Bu ev işleri ne kadar mühim mesele. Ufakmış gibiler, ayrıntıdalar, görünmezler sanki de, üstüste koyunca nasıl bir zaman alıyor. Zaten bir ev işi yapmakla meşgul olduğun zamanı ayır bir yana koy, ya peki yapılması icap eden işleri düşünmekle geçirdiğin zamanlar? O zamanı hesap etsek hep beraber ağlarız, inanın. Feminist teorilerde bunların hep yeri var arkadaşlar, yazılmış kitaplar, yapılmış araştırmalar var. Zihinsel yük diyorlar bu son dediğime mesela: Ev işi yapmadığın zaman da kafanın içinde ev işini ne zaman, nasıl, hangisini öncelikle yapacağını düşünüyorsun.
İşte bu kitaptır, makaledir okuyorum da bir zamandır, güya kitap yazacağım, söyleşiler, alıntılar, referanslar, belgeler(!) sözde kitabımda herşey gırla gidiyor, olasılıkla 102 yaşıma geldiğimde bitirmiş olurum, fakat araştırırken, tararken, Yeşilçam filmlerinde kadınlar deyince gördüm: Bütün bir sinema tarihimiz süresince filmlerin başında ortasında, sonunda kadınlar, patates falan soyuyorlar, dikiş dikiyor, kaynama kazanında beyazları çivitliyor, sofra kuruyor, ekmek kesiyor, sökük onarıyor, camdan örtüler silkeliyorlar. Kadınlar çekimlerde görünmez emekleri başındayken belirmişler. Hikâyelere hiçbir katkıları yok, arka fonda öylece, dolgu malzemesi gibiler. Belki hayatın nasıl da yolunda gittiğine dair birer işaret gibi bırakılmışlar, yerleştirilmişler filmlere. Gülüyor insan ne yalan söyleyeyim. Kadınların nasıl temsil edilebileceklerine, ortaya çıktıkları sahnede nasıl görünmeleri gerektiklerine dair muazzam bir tıkanıklık var sanki filmlerde: Önüne bir leğen koyalım, olmadı patates soysun, ya da şey şey yapalım soba kursun. Ütü de olabilir aslında, bak öyle hülyalı baksın ütü yaparken.
Kanıtlarla gel derseniz, işte minik bir derleme. Bir köşede sessiz sedasız sanal bir sergi yaptım, filmlerden devşirdiğim, ev işlerini gösteren giflerden bir sergi. Serginin adını Sonsuz Patates koydum, nedenini anlayacaksınız serginin sonuna doğru yine bir gif marifetiyle.

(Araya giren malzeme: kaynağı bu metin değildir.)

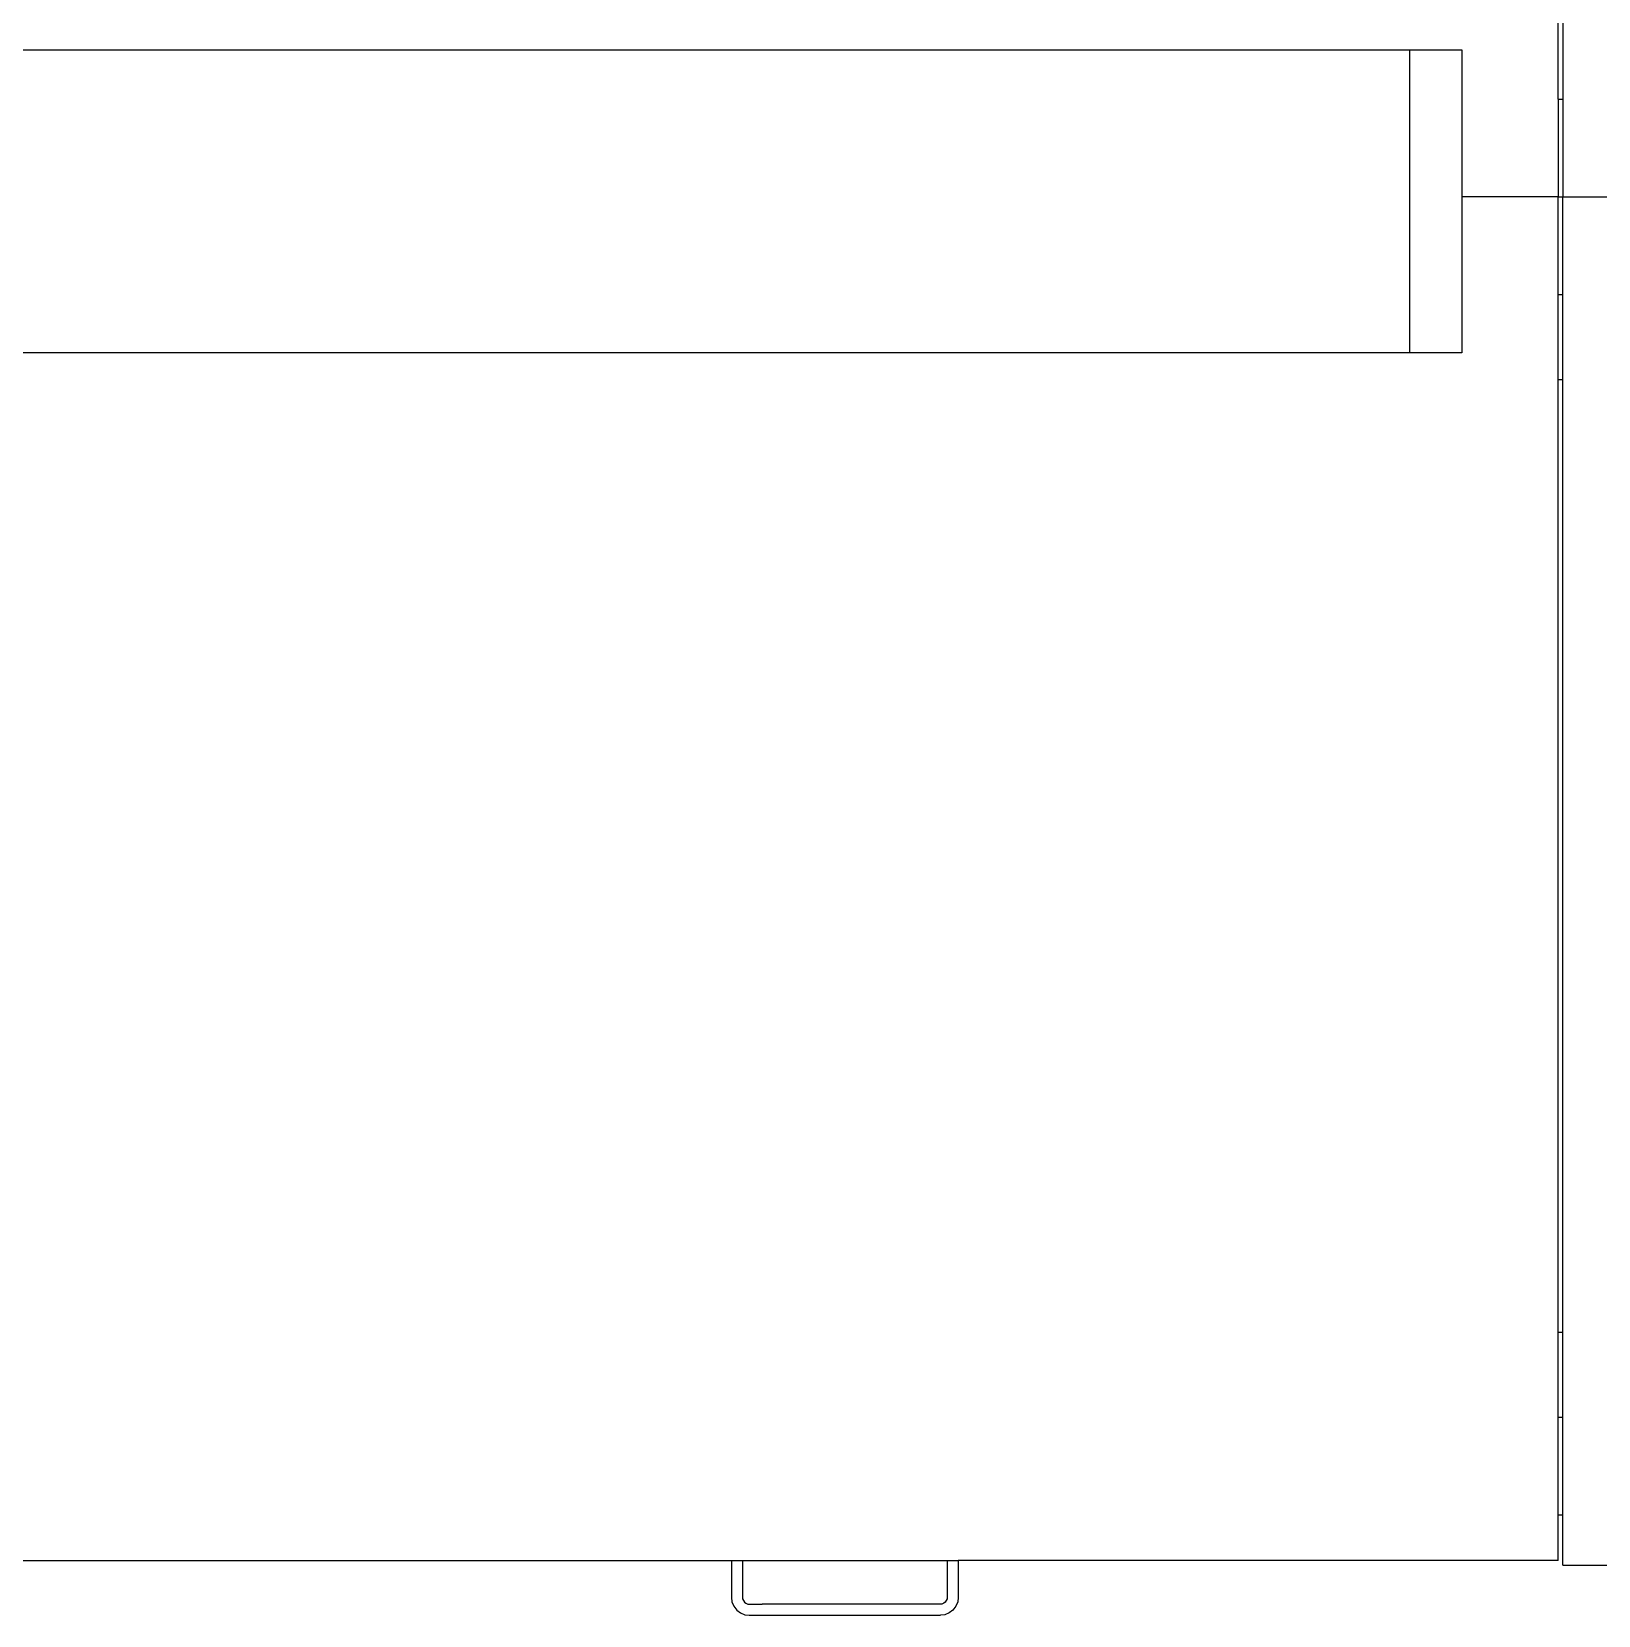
# Model space of a CAD drawing. Header units: metres. Extents: x 2.3 to 15.1, y 3 to 5.1.
# Drawn here: x 3.51 to 4.285, y 3.396 to 4.18 of the extents above; entities that cross this region are included whole.
import ezdxf

# ---------------------------------------------------------------- set-up
doc = ezdxf.new("R2010")
doc.units = ezdxf.units.M
doc.layers.add('Edges', color=7, linetype='Continuous')

# ---------------------------------------------------------------- blocks, each defined once
blk = doc.blocks.new('Chemistry Lab table pl')
at = {"layer": 'Edges'}
for p, q in [((4.26526, 4.14675), (4.26526, 4.18908)), ((4.26756, 4.18908), (4.26756, 4.14675)), ((3.29061, 4.17115), (4.1917, 4.17115)), ((4.1917, 4.17115), (4.1917, 4.02115)), ((4.1917, 4.17115), (4.21752, 4.17115)), ((4.21752, 4.17115), (4.21752, 4.09844)), ((4.26526, 4.14675), (4.26526, 4.09844)), ((4.26526, 4.14675), (4.26756, 4.14675)), ((4.26756, 4.14675), (4.26756, 4.09844)), ((4.26526, 4.09844), (4.21752, 4.09844)), ((4.21752, 4.09844), (4.21752, 4.02115)), ((4.26526, 4.09844), (4.26756, 4.09844)), ((4.26526, 4.05012), (4.26526, 4.09844)), ((4.26756, 4.09844), (4.84026, 4.09844)), ((4.26756, 4.05012), (4.26756, 4.09844)), ((4.26526, 4.00779), (4.26526, 4.05012)), ((4.26526, 4.05012), (4.26756, 4.05012)), ((4.26756, 4.00779), (4.26756, 4.05012)), ((4.1917, 4.02115), (3.29061, 4.02115)), ((4.21752, 4.02115), (4.1917, 4.02115)), ((4.26526, 3.53652), (4.26526, 4.00779)), ((4.26756, 4.00779), (4.26526, 4.00779)), ((4.26756, 3.53652), (4.26756, 4.00779)), ((4.26526, 3.49419), (4.26526, 3.53652)), ((4.26526, 3.53652), (4.26756, 3.53652)), ((4.26756, 3.49419), (4.26756, 3.53652)), ((4.26526, 3.4461), (4.26526, 3.49419)), ((4.26756, 3.49419), (4.26526, 3.49419)), ((4.26756, 3.4461), (4.26756, 3.49419)), ((4.26526, 3.42344), (4.26526, 3.4461)), ((4.26526, 3.4461), (4.26756, 3.4461)), ((4.26756, 3.42115), (4.26756, 3.4461)), ((3.33486, 3.42344), (3.85609, 3.42344)), ((3.85609, 3.42344), (3.85609, 3.40519)), ((3.85609, 3.42344), (3.86152, 3.42344)), ((3.86152, 3.42344), (3.86152, 3.40554)), ((3.86152, 3.42344), (3.96294, 3.42344)), ((3.96294, 3.42344), (3.96294, 3.40554)), ((3.96294, 3.42344), (3.96836, 3.42344)), ((3.96836, 3.42344), (3.96836, 3.40519)), ((4.26526, 3.42344), (3.96836, 3.42344)), ((4.26756, 3.42115), (4.51047, 3.42115)), ((3.85609, 3.40519), (3.85638, 3.40302)), ((3.85638, 3.40302), (3.85728, 3.40084)), ((3.86152, 3.40554), (3.86166, 3.40445)), ((3.86166, 3.40445), (3.86201, 3.40359)), ((3.86201, 3.40359), (3.86257, 3.40285)), ((3.86257, 3.40285), (3.86331, 3.40229)), ((3.86331, 3.40229), (3.86416, 3.40193)), ((3.86416, 3.40193), (3.86525, 3.40179)), ((3.86525, 3.40179), (3.87133, 3.40179)), ((3.95312, 3.40184), (3.87133, 3.40184)), ((3.95921, 3.40179), (3.95312, 3.40179)), ((3.9603, 3.40193), (3.95921, 3.40179)), ((3.96115, 3.40229), (3.9603, 3.40193)), ((3.96188, 3.40285), (3.96115, 3.40229)), ((3.96244, 3.40359), (3.96188, 3.40285)), ((3.96279, 3.40445), (3.96244, 3.40359)), ((3.96294, 3.40554), (3.96279, 3.40445)), ((3.96808, 3.40302), (3.96718, 3.40084)), ((3.96836, 3.40519), (3.96808, 3.40302)), ((3.85728, 3.40084), (3.85871, 3.39896)), ((3.85871, 3.39896), (3.86057, 3.39752)), ((3.86057, 3.39752), (3.86274, 3.39662)), ((3.86274, 3.39662), (3.86489, 3.39633)), ((3.86489, 3.39633), (3.95956, 3.39633)), ((3.96171, 3.39662), (3.95956, 3.39633)), ((3.96388, 3.39752), (3.96171, 3.39662)), ((3.96575, 3.39896), (3.96388, 3.39752)), ((3.96718, 3.40084), (3.96575, 3.39896))]:
    blk.add_line(p, q, dxfattribs=at)

msp = doc.modelspace()

# ---------------------------------------------------------------- block references
msp.add_blockref('Chemistry Lab table pl', (0, 0))

doc.saveas('drawing.dxf')

Lale Oraloğlu bu kadın. Bir buçuk saatlik Kırık Çanaklar filminin buçuk saatinde ev işi yapıyor. Bu gördüğünüz daha filmin başından bir sahne, o gün çamaşır günüymüş çünkü, komşusuyla konuşmalarından anlıyoruz.
Annemin Gözyaşları filminden. Ne zaman önce seyretmişim, hiçbir şey kalmamış aklımda filmden, bir bu kadın. Halbuki filmi vizyondayken seyredenlerin aklında kalmış olma ihtimali hiç yok bu kadının. Ben onu filmden çekip çıkarınca, o gün bugündür pirinç ayıklıyor burada. Pirinç ayıklama cezasına çarptırılmış gibi oldu.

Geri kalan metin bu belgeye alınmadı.